→ TASK OBJECTIVE
Leave out the pictures and output exactly the lines below from the one with "#34466 = VERTEX_POINT ( 'NONE', #37450 ) ;" down to the one with "FILE_SCHEMA (( 'CONFIG_CONTROL_DESIGN' ));", both of them included.

=== Section Start ===

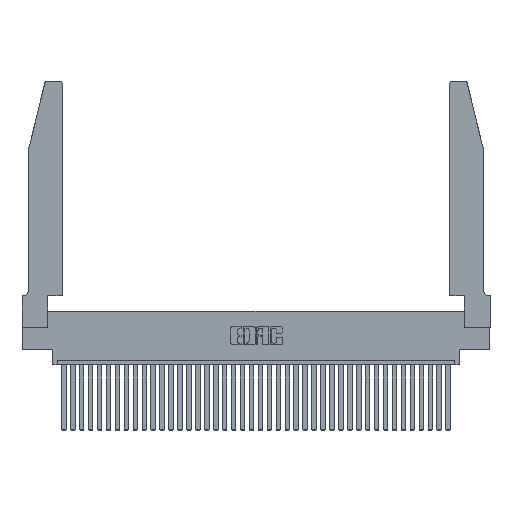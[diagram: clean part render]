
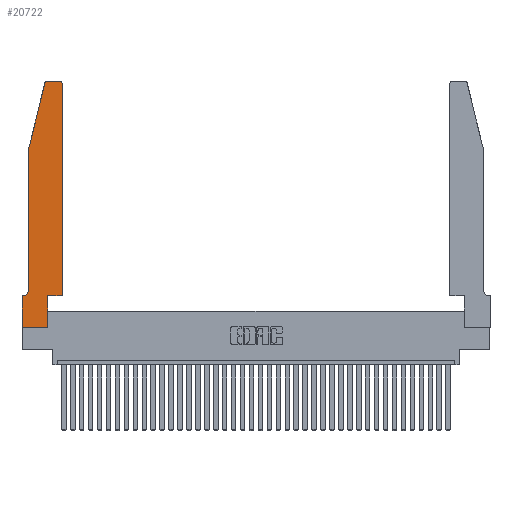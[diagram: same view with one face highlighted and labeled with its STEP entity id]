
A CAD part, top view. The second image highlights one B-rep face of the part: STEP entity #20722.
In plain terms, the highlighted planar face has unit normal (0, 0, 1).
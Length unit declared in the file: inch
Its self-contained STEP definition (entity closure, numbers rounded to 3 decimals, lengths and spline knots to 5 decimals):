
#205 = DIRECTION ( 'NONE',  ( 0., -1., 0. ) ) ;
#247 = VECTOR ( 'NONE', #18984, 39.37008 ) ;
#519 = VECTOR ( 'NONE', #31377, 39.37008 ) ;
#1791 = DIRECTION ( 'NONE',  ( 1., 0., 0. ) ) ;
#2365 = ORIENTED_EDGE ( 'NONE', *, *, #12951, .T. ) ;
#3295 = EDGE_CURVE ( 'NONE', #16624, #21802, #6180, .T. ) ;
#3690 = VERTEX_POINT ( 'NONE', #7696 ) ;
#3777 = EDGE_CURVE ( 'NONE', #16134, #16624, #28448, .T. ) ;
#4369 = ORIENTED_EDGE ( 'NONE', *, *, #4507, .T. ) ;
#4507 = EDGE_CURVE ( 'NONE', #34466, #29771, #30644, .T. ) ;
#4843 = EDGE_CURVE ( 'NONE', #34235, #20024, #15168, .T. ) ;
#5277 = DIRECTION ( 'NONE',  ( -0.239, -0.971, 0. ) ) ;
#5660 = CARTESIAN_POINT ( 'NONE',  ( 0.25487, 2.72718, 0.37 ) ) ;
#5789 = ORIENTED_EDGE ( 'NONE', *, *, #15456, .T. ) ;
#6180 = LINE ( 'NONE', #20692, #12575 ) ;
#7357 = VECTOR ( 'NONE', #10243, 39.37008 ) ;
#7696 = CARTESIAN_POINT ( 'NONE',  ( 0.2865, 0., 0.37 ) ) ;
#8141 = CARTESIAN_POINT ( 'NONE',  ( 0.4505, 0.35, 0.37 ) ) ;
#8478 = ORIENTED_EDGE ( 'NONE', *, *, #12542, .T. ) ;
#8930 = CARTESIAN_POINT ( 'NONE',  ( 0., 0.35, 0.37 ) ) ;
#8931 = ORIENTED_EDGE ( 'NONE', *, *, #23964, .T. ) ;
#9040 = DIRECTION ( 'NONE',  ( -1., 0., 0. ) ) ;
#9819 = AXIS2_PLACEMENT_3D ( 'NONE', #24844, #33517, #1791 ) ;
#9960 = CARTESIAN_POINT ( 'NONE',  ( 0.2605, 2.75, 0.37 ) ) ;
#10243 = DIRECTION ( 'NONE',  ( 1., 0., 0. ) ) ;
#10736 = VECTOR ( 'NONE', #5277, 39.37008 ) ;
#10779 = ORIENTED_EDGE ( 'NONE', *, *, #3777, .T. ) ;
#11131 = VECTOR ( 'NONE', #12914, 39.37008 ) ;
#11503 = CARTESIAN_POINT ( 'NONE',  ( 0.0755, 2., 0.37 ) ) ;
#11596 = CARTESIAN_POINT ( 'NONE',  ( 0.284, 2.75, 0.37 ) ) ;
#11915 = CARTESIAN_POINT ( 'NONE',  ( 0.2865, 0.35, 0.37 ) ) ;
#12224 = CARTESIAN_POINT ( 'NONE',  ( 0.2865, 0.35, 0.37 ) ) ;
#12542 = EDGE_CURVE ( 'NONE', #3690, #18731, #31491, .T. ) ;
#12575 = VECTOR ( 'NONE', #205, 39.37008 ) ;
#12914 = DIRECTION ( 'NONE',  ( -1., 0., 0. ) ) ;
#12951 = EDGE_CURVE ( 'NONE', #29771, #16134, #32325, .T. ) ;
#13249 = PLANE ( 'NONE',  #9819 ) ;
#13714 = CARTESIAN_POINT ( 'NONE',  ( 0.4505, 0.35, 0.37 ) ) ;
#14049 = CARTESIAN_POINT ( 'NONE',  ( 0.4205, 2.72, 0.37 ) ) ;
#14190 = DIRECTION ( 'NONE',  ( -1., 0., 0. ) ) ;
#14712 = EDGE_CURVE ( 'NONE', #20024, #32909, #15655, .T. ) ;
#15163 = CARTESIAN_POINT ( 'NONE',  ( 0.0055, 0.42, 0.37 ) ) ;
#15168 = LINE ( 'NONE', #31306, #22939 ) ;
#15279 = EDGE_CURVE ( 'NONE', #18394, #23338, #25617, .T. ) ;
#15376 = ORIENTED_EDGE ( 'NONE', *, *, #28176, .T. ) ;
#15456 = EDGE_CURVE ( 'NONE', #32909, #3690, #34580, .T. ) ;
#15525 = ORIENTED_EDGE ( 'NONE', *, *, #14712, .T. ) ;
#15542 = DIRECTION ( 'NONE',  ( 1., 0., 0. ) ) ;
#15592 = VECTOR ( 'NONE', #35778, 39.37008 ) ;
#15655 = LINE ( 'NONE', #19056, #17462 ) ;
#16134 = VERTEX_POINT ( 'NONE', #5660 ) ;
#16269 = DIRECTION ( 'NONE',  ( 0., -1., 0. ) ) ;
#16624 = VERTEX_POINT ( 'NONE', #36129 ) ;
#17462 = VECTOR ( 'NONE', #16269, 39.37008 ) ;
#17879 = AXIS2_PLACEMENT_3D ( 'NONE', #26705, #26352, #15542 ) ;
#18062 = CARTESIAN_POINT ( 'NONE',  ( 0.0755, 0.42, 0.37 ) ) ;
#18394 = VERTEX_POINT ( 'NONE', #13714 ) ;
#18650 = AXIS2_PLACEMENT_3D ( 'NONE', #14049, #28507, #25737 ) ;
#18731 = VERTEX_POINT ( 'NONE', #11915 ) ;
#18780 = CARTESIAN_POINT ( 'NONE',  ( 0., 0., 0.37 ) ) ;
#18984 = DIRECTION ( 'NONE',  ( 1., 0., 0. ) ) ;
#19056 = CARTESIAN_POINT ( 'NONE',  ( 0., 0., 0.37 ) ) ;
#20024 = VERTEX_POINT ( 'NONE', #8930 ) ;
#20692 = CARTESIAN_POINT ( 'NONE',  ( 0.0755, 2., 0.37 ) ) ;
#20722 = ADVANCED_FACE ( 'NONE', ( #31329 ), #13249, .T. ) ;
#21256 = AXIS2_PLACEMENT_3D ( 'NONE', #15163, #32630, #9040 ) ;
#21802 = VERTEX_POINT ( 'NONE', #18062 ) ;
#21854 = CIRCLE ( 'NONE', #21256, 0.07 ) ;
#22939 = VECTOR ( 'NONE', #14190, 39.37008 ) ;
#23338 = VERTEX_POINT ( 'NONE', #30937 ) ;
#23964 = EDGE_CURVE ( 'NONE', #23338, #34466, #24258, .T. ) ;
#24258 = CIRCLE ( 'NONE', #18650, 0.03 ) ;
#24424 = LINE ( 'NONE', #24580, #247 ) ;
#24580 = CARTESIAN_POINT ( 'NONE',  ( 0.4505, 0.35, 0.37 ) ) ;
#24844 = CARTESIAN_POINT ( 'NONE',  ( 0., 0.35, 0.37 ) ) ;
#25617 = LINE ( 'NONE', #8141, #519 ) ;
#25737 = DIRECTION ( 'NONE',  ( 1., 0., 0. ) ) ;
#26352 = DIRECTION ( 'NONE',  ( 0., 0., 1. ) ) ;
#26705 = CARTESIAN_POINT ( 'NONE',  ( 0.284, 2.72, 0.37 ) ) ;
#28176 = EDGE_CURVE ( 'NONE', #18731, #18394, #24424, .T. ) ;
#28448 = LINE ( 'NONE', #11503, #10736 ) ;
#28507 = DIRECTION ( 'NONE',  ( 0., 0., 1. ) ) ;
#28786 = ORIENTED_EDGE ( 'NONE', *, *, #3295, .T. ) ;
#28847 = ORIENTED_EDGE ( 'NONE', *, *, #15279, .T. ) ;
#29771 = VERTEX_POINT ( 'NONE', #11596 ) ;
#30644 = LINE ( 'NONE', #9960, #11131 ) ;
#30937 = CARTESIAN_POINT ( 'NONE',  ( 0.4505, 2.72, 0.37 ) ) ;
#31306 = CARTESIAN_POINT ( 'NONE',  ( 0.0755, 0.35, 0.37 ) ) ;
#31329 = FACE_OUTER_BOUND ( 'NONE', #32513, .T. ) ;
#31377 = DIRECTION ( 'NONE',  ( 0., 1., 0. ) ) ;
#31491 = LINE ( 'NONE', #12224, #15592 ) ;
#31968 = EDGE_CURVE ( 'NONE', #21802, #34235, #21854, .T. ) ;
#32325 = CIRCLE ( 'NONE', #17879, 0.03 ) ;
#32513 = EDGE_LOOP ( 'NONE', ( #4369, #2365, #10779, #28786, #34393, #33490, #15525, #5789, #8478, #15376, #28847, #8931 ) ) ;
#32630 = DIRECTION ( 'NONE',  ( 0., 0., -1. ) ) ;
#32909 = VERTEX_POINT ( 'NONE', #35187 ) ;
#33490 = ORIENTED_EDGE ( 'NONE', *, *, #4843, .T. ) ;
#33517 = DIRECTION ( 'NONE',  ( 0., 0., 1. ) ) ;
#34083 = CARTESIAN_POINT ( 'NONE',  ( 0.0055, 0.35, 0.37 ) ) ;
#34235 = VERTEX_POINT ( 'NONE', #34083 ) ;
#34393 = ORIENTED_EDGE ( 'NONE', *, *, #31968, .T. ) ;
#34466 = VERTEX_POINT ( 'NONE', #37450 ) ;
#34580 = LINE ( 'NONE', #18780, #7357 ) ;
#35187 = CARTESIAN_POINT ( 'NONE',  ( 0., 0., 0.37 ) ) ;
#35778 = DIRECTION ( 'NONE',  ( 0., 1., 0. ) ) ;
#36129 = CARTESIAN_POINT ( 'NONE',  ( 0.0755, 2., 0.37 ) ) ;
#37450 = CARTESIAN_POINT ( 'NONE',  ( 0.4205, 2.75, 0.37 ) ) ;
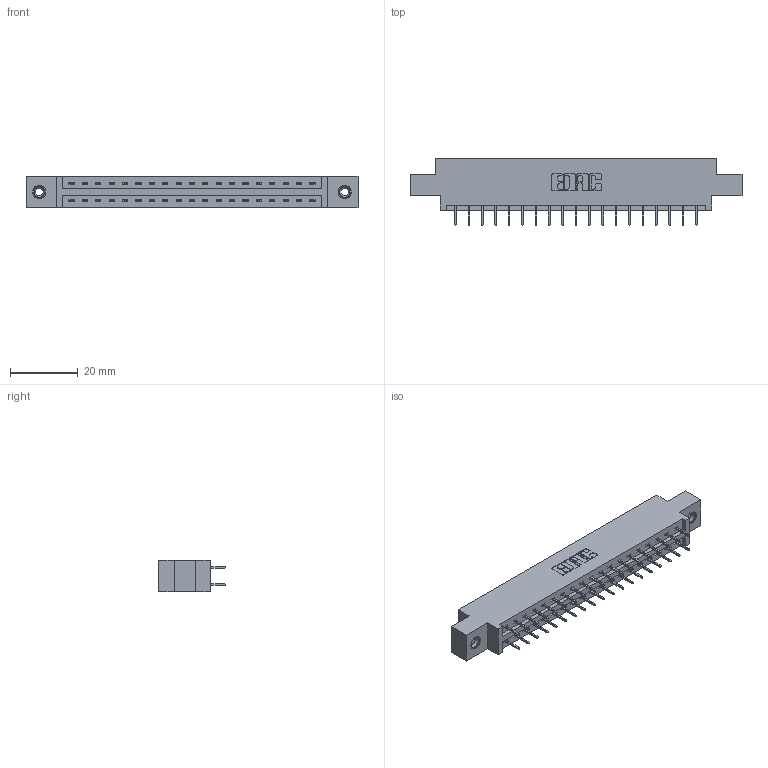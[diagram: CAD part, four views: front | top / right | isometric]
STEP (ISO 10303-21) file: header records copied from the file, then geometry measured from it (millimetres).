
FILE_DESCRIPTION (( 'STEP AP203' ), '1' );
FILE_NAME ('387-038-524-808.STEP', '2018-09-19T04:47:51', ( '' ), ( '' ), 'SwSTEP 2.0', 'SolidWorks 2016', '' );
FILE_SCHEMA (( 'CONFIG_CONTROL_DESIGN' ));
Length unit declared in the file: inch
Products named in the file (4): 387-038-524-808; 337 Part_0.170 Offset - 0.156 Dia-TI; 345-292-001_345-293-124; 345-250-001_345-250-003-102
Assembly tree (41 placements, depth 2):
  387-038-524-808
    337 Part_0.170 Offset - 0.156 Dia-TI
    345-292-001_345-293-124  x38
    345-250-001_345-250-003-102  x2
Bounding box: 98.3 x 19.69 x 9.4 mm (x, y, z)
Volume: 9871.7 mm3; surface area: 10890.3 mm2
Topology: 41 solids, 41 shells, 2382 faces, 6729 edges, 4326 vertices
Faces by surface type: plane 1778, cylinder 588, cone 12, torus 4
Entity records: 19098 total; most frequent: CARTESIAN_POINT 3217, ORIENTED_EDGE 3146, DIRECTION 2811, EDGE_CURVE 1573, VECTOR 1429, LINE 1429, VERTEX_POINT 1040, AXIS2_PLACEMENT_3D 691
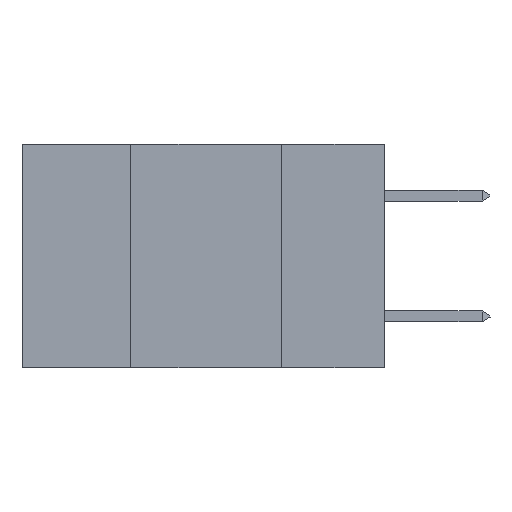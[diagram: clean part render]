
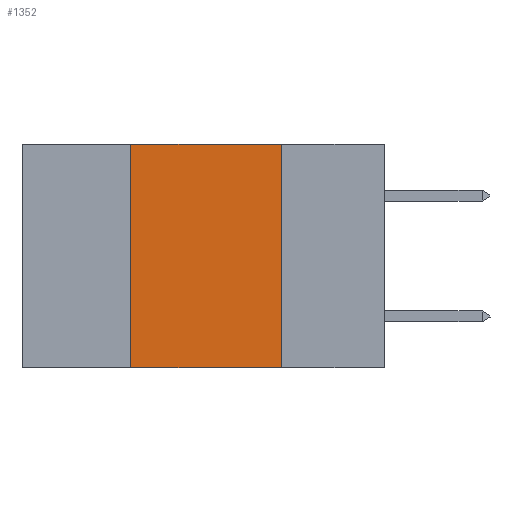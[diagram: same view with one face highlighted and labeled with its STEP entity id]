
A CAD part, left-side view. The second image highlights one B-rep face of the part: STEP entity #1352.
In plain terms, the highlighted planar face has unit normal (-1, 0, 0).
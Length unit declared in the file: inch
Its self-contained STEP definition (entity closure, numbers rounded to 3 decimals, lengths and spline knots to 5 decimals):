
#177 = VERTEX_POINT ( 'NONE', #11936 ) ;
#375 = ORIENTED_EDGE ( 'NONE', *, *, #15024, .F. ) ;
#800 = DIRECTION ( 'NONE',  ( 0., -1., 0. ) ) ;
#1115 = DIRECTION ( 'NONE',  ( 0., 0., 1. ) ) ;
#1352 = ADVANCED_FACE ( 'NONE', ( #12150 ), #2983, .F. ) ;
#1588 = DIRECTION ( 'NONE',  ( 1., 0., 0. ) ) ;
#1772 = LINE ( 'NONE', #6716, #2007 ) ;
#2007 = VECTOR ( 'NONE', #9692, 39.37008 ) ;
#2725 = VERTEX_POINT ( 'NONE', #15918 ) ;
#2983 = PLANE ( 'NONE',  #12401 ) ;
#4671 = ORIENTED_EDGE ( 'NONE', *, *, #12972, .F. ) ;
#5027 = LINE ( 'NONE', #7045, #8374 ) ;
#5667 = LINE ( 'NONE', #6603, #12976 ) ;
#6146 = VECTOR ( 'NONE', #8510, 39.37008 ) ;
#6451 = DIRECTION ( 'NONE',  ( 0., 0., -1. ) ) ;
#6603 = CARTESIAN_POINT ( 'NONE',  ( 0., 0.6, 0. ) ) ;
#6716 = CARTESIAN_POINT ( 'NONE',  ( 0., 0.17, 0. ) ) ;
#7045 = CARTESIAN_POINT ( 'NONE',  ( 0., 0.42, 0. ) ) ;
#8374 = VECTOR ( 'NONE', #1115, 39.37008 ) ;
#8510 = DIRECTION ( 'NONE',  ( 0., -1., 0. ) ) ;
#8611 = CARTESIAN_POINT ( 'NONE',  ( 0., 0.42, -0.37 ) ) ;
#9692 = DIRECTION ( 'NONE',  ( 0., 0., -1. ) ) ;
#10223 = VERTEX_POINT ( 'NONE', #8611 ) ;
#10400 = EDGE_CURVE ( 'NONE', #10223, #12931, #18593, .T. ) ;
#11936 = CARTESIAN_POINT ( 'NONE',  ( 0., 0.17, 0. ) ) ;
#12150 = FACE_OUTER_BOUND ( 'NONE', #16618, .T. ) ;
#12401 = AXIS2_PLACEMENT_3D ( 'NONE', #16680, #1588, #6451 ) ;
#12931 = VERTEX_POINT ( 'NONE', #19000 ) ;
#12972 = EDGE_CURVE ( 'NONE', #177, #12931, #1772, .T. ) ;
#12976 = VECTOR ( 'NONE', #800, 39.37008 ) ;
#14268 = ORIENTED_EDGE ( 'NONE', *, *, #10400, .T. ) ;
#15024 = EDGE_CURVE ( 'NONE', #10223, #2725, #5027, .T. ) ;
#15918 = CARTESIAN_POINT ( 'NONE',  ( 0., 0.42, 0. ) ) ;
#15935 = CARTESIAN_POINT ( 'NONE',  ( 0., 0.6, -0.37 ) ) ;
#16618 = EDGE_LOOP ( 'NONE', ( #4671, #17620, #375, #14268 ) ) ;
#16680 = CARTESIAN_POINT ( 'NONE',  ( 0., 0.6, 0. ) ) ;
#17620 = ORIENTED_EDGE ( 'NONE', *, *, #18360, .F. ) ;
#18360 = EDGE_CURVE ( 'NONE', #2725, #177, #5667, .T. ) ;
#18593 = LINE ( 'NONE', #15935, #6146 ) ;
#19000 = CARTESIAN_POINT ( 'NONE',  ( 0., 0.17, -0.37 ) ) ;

=== Section End ===

→ ANSWER
#34466 = VERTEX_POINT ( 'NONE', #37450 ) ;
#34580 = LINE ( 'NONE', #18780, #7357 ) ;
#35187 = CARTESIAN_POINT ( 'NONE',  ( 0., 0., 0.37 ) ) ;
#35778 = DIRECTION ( 'NONE',  ( 0., 1., 0. ) ) ;
#36129 = CARTESIAN_POINT ( 'NONE',  ( 0.0755, 2., 0.37 ) ) ;
#37450 = CARTESIAN_POINT ( 'NONE',  ( 0.4205, 2.75, 0.37 ) ) ;
[diagram: CAD part, four views: front | top / right | isometric]
STEP (ISO 10303-21) file: header records copied from the file, then geometry measured from it (millimetres).
FILE_DESCRIPTION (( 'STEP AP203' ), '1' );
FILE_NAME ('387-038-524-808.STEP', '2018-09-19T04:47:51', ( '' ), ( '' ), 'SwSTEP 2.0', 'SolidWorks 2016', '' );
FILE_SCHEMA (( 'CONFIG_CONTROL_DESIGN' ));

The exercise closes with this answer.